RBC wealth unit gets thumbs-up in U.S. investor survey
RBC Wealth Management, the financial advisory arm of the Royal Bank of Canada, scored high marks in a U.S. investor satisfaction survey conducted by J.D. Power and Associates, finishing a close second place behind Edward Jones & Co.
RBC scored 793 on a 1,000-point scale, one point less than first place, and its marks were on par with Edward Jones in most categories measured, even beating the St. Louis broker in access-to-account information. However, RBC's website fared poorly, ultimately placing it in second.
Both companies earned perfect scores for overall investor satisfaction and the strength of their financial advisers.
RBC stole the second spot from Boston's LPL Financial Corp, which placed third. (RBC wasn't included in the rankings last year because it didn't have enough survey respondents.) Charles Schwab & Co. Inc. finished fourth and Florida-based Raymond James rounded out the top five with a score of 778. The industry average was 769.

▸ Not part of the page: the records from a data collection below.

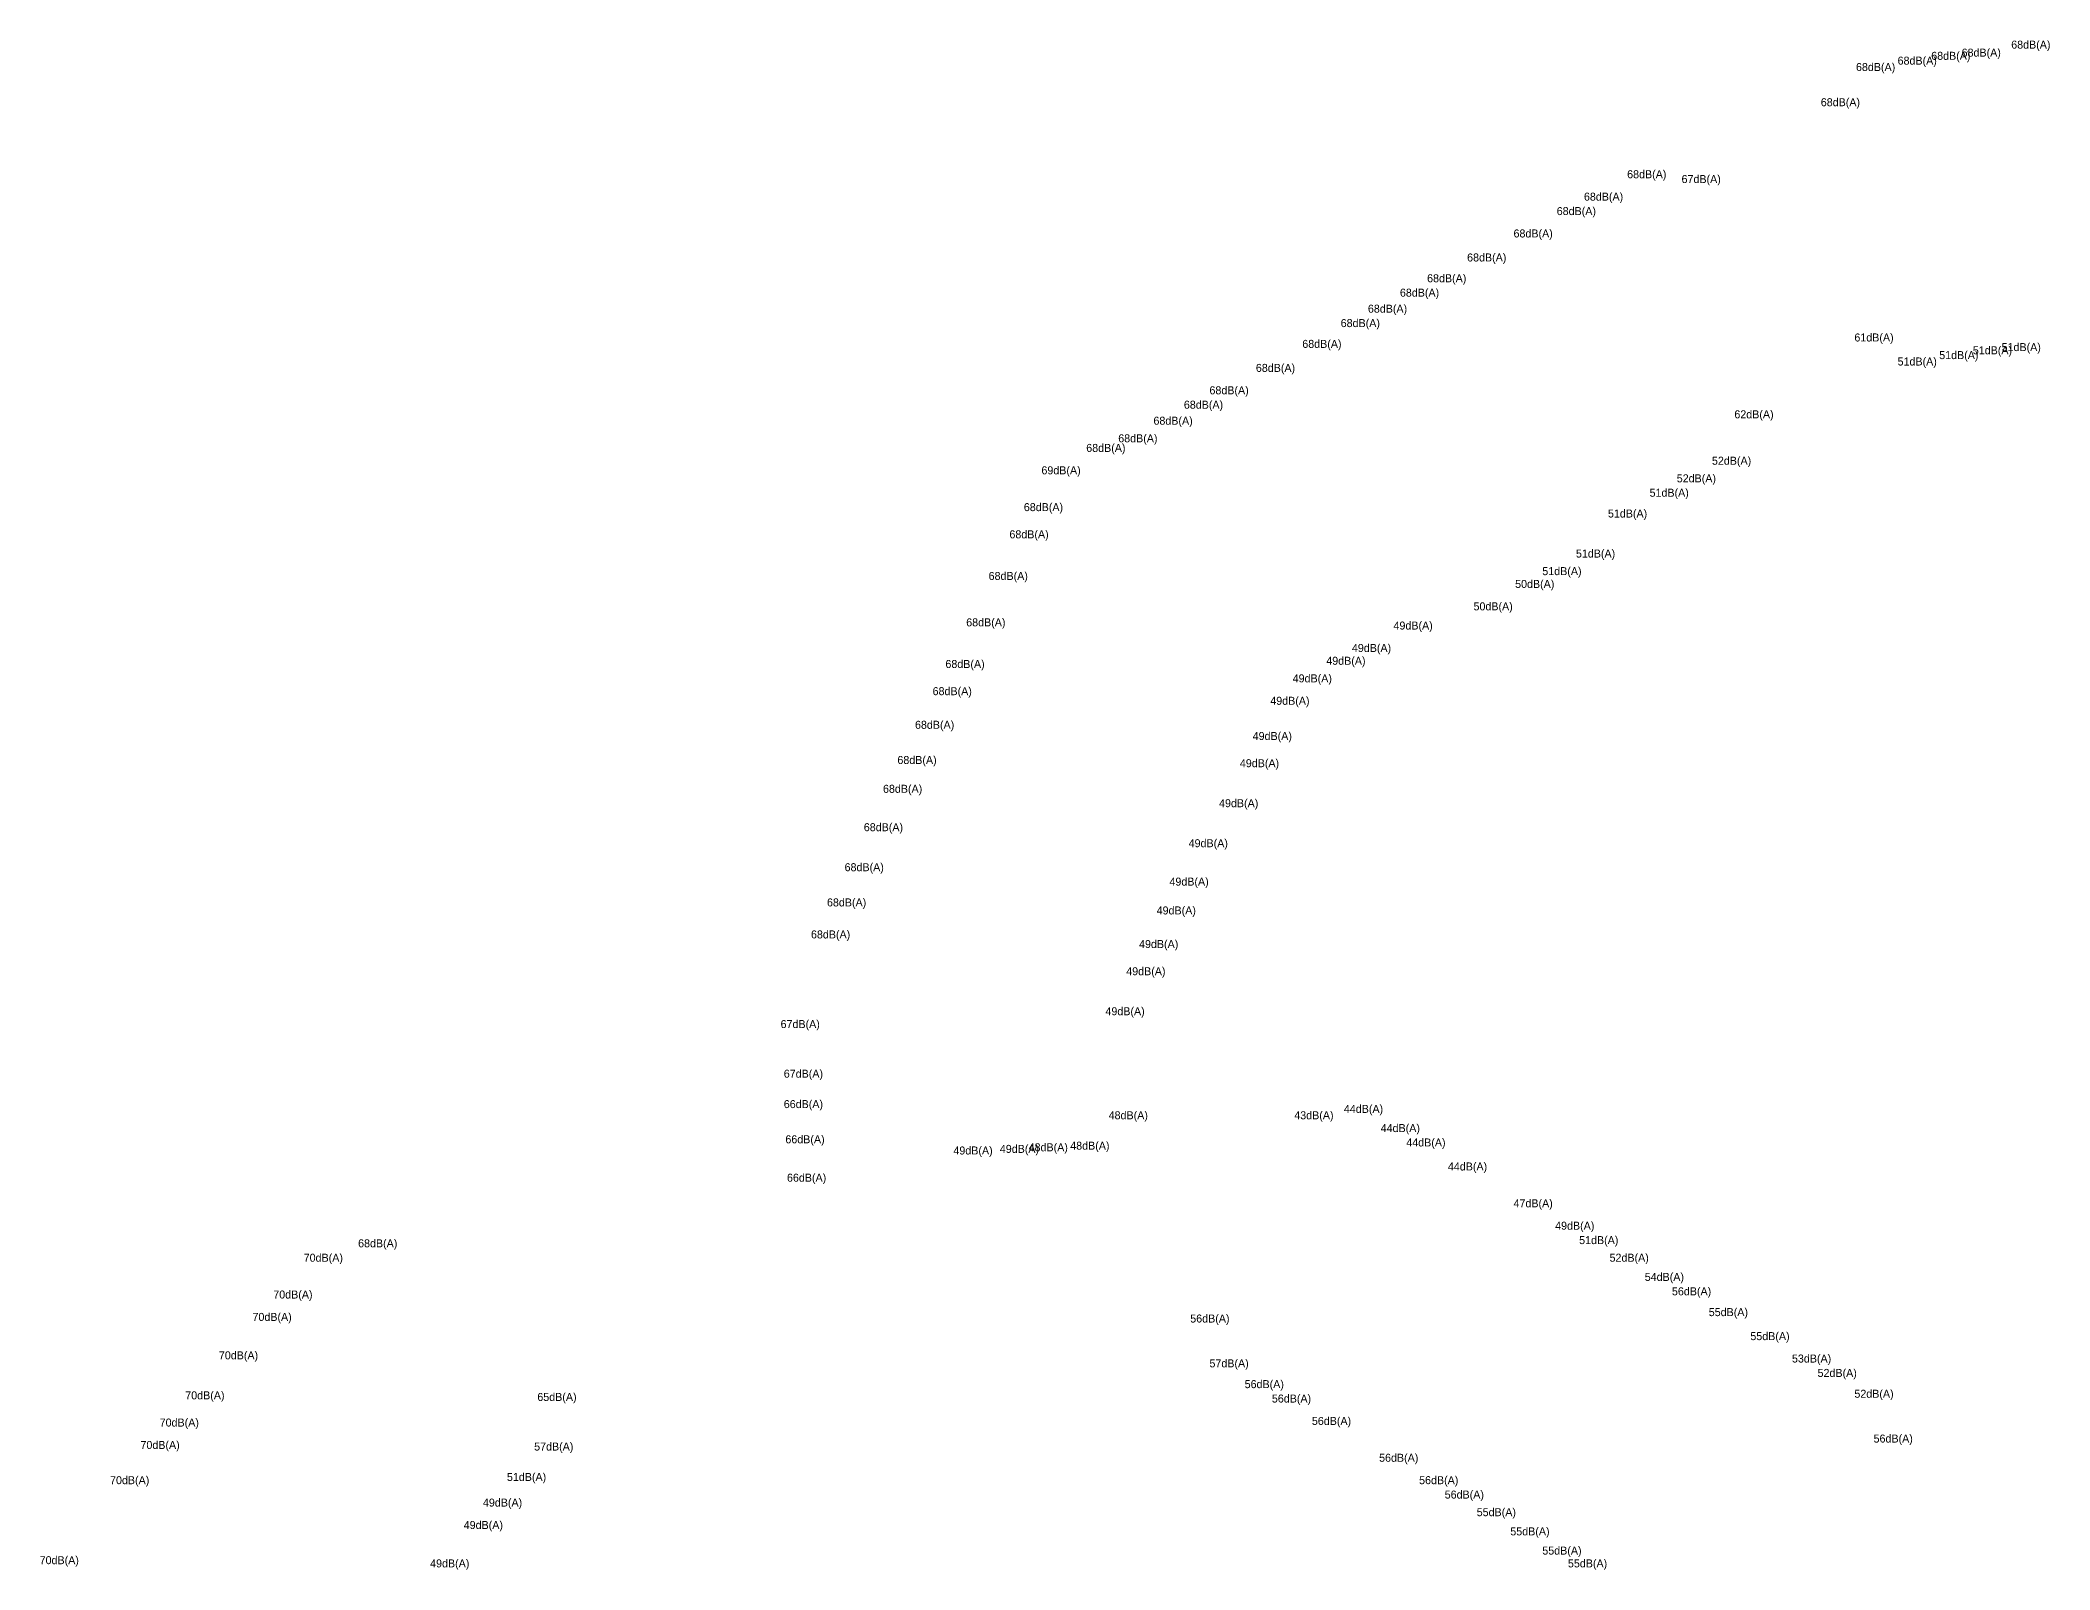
# Model space of a CAD drawing. Extents: x 846089 to 846361, y 827424 to 827644.
# Drawn here: x 846102.8 to 846228.4, y 827544.3 to 827639.9 of the extents above; entities that cross this region are included whole.
import ezdxf
from ezdxf.enums import TextEntityAlignment as Align

# ---------------------------------------------------------------- set-up
doc = ezdxf.new("R2010")
doc.units = 0
doc.layers.add('SPL_No_Exceedance', color=3, linetype='Continuous')
doc.styles.add('LiberationSerif', font='LiberationSerif-Regular.ttf')

msp = doc.modelspace()

# ---------------------------------------------------------------- texts
at = {"layer": 'SPL_No_Exceedance', "style": 'LiberationSerif'}
for s, p in [('68dB(A)', (846227.2, 827639.6)), ('68dB(A)', (846217.5, 827638.2)), ('68dB(A)', (846220.1, 827638.6)), ('68dB(A)', (846222.2, 827638.9)), ('68dB(A)', (846224.1, 827639.1)), ('68dB(A)', (846215.3, 827636)), ('68dB(A)', (846203.2, 827631.5)), ('67dB(A)', (846206.6, 827631.2)), ('68dB(A)', (846198.8, 827629.2)), ('68dB(A)', (846200.5, 827630.1)), ('68dB(A)', (846196.1, 827627.8)), ('68dB(A)', (846193.2, 827626.3)), ('68dB(A)', (846189, 827624.1)), ('68dB(A)', (846190.7, 827625)), ('68dB(A)', (846187, 827623.1)), ('68dB(A)', (846185.3, 827622.2)), ('68dB(A)', (846182.9, 827620.9)), ('61dB(A)', (846217.4, 827621.3)), ('51dB(A)', (846224.8, 827620.5)), ('51dB(A)', (846226.6, 827620.7)), ('68dB(A)', (846180, 827619.4)), ('51dB(A)', (846220.1, 827619.8)), ('51dB(A)', (846222.7, 827620.2)), ('68dB(A)', (846177.1, 827618)), ('68dB(A)', (846175.5, 827617.1)), ('68dB(A)', (846173.6, 827616.1)), ('62dB(A)', (846209.9, 827616.5)), ('68dB(A)', (846169.4, 827614.4)), ('68dB(A)', (846171.4, 827615)), ('69dB(A)', (846166.6, 827613)), ('52dB(A)', (846208.5, 827613.6)), ('51dB(A)', (846204.6, 827611.6)), ('52dB(A)', (846206.3, 827612.5)), ('68dB(A)', (846165.5, 827610.7)), ('51dB(A)', (846202, 827610.3)), ('68dB(A)', (846164.6, 827609)), ('51dB(A)', (846200, 827607.8)), ('51dB(A)', (846197.9, 827606.7)), ('68dB(A)', (846163.3, 827606.4)), ('50dB(A)', (846196.2, 827605.9)), ('50dB(A)', (846193.6, 827604.5)), ('68dB(A)', (846161.9, 827603.5)), ('49dB(A)', (846188.6, 827603.3)), ('49dB(A)', (846186, 827601.9)), ('68dB(A)', (846160.6, 827600.9)), ('49dB(A)', (846184.4, 827601.1)), ('68dB(A)', (846159.8, 827599.2)), ('49dB(A)', (846182.3, 827600)), ('49dB(A)', (846180.9, 827598.6)), ('68dB(A)', (846158.7, 827597.1)), ('49dB(A)', (846179.8, 827596.4)), ('68dB(A)', (846157.6, 827594.9)), ('49dB(A)', (846179, 827594.7)), ('68dB(A)', (846156.7, 827593.1)), ('49dB(A)', (846177.7, 827592.2)), ('68dB(A)', (846155.5, 827590.7)), ('49dB(A)', (846175.8, 827589.7)), ('68dB(A)', (846154.3, 827588.2)), ('49dB(A)', (846174.6, 827587.3)), ('68dB(A)', (846153.2, 827586)), ('49dB(A)', (846173.8, 827585.5)), ('68dB(A)', (846152.2, 827584)), ('49dB(A)', (846172.7, 827583.4)), ('49dB(A)', (846171.9, 827581.7)), ('49dB(A)', (846170.6, 827579.2)), ('67dB(A)', (846150.3, 827578.4)), ('67dB(A)', (846150.5, 827575.3)), ('66dB(A)', (846150.5, 827573.4)), ('48dB(A)', (846170.8, 827572.7)), ('43dB(A)', (846182.4, 827572.7)), ('44dB(A)', (846185.5, 827573.1)), ('44dB(A)', (846187.8, 827571.9)), ('66dB(A)', (846150.6, 827571.2)), ('49dB(A)', (846161.1, 827570.5)), ('49dB(A)', (846164, 827570.6)), ('48dB(A)', (846165.8, 827570.7)), ('48dB(A)', (846168.4, 827570.8)), ('44dB(A)', (846189.4, 827571)), ('66dB(A)', (846150.7, 827568.8)), ('44dB(A)', (846192, 827569.5)), ('47dB(A)', (846196.1, 827567.2)), ('49dB(A)', (846198.7, 827565.8)), ('70dB(A)', (846120.5, 827563.8)), ('68dB(A)', (846123.9, 827564.7)), ('51dB(A)', (846200.2, 827564.9)), ('52dB(A)', (846202.1, 827563.8)), ('54dB(A)', (846204.3, 827562.6)), ('70dB(A)', (846118.6, 827561.5)), ('56dB(A)', (846206, 827561.7)), ('70dB(A)', (846117.3, 827560.1)), ('55dB(A)', (846208.3, 827560.4)), ('56dB(A)', (846175.9, 827560)), ('55dB(A)', (846210.9, 827558.9)), ('70dB(A)', (846115.2, 827557.7)), ('53dB(A)', (846213.5, 827557.5)), ('57dB(A)', (846177.1, 827557.2)), ('52dB(A)', (846215.1, 827556.6)), ('70dB(A)', (846113.1, 827555.2)), ('65dB(A)', (846135.1, 827555.1)), ('56dB(A)', (846179.3, 827555.9)), ('56dB(A)', (846181, 827555)), ('52dB(A)', (846217.4, 827555.3)), ('70dB(A)', (846111.5, 827553.5)), ('56dB(A)', (846183.5, 827553.6)), ('56dB(A)', (846218.6, 827552.5)), ('70dB(A)', (846110.3, 827552.1)), ('57dB(A)', (846134.9, 827552)), ('56dB(A)', (846187.7, 827551.3)), ('51dB(A)', (846133.2, 827550.1)), ('70dB(A)', (846108.4, 827549.9)), ('56dB(A)', (846190.2, 827549.9)), ('56dB(A)', (846191.8, 827549)), ('49dB(A)', (846131.7, 827548.5)), ('55dB(A)', (846193.8, 827547.9)), ('49dB(A)', (846130.5, 827547.1)), ('55dB(A)', (846195.9, 827546.7)), ('55dB(A)', (846197.9, 827545.5)), ('70dB(A)', (846104, 827544.9)), ('49dB(A)', (846128.4, 827544.7)), ('55dB(A)', (846199.5, 827544.7))]:
    msp.add_text(s, height=0.5, dxfattribs=at).set_placement(p, align=Align.MIDDLE_CENTER)

doc.saveas('drawing.dxf')

David Lo, director of investment services at J.D. Power and Associates, said interactions between clients and advisers were paramount to a good ranking. "Expectations and the importance of the adviser relationship continue to increase," Mr. Lo said in a statement. "These best practices are what highly satisfied investors are getting, and what all investors should expect, whether or not they are shopping for a new firm."
Letting these relationships deteriorate has led to a rise in the proportion of investors who believe their brokerage is driven by profits, rather than being focused on customers.
"During the past year, most investors have enjoyed positive short-term gains in their portfolio as a result of the market recovery, but this has not translated into an improvement in investor sentiment toward their firm," Mr. Lo noted. Firms that focused on strong relationships earned higher rankings.
Suggestions given to improve adviser-client relations include periodic reviews of investment objectives, a clear explanation of fees and commissions, working together to develop strategy, and communicating the reasons for investment performance.
The latter can be particularly effective. Customers who receive this information boast a satisfaction level almost 25 per cent higher than those who feel they do not.
The survey also found that firms with high investor satisfaction (scores of 900 or higher) experience an average incremental increase in assets under management of $125,216 per investor. Conversely, unsatisfied investors (at firms with scores of less than 700) are likely to move their money out, resulting in a loss of $5,929 per investor.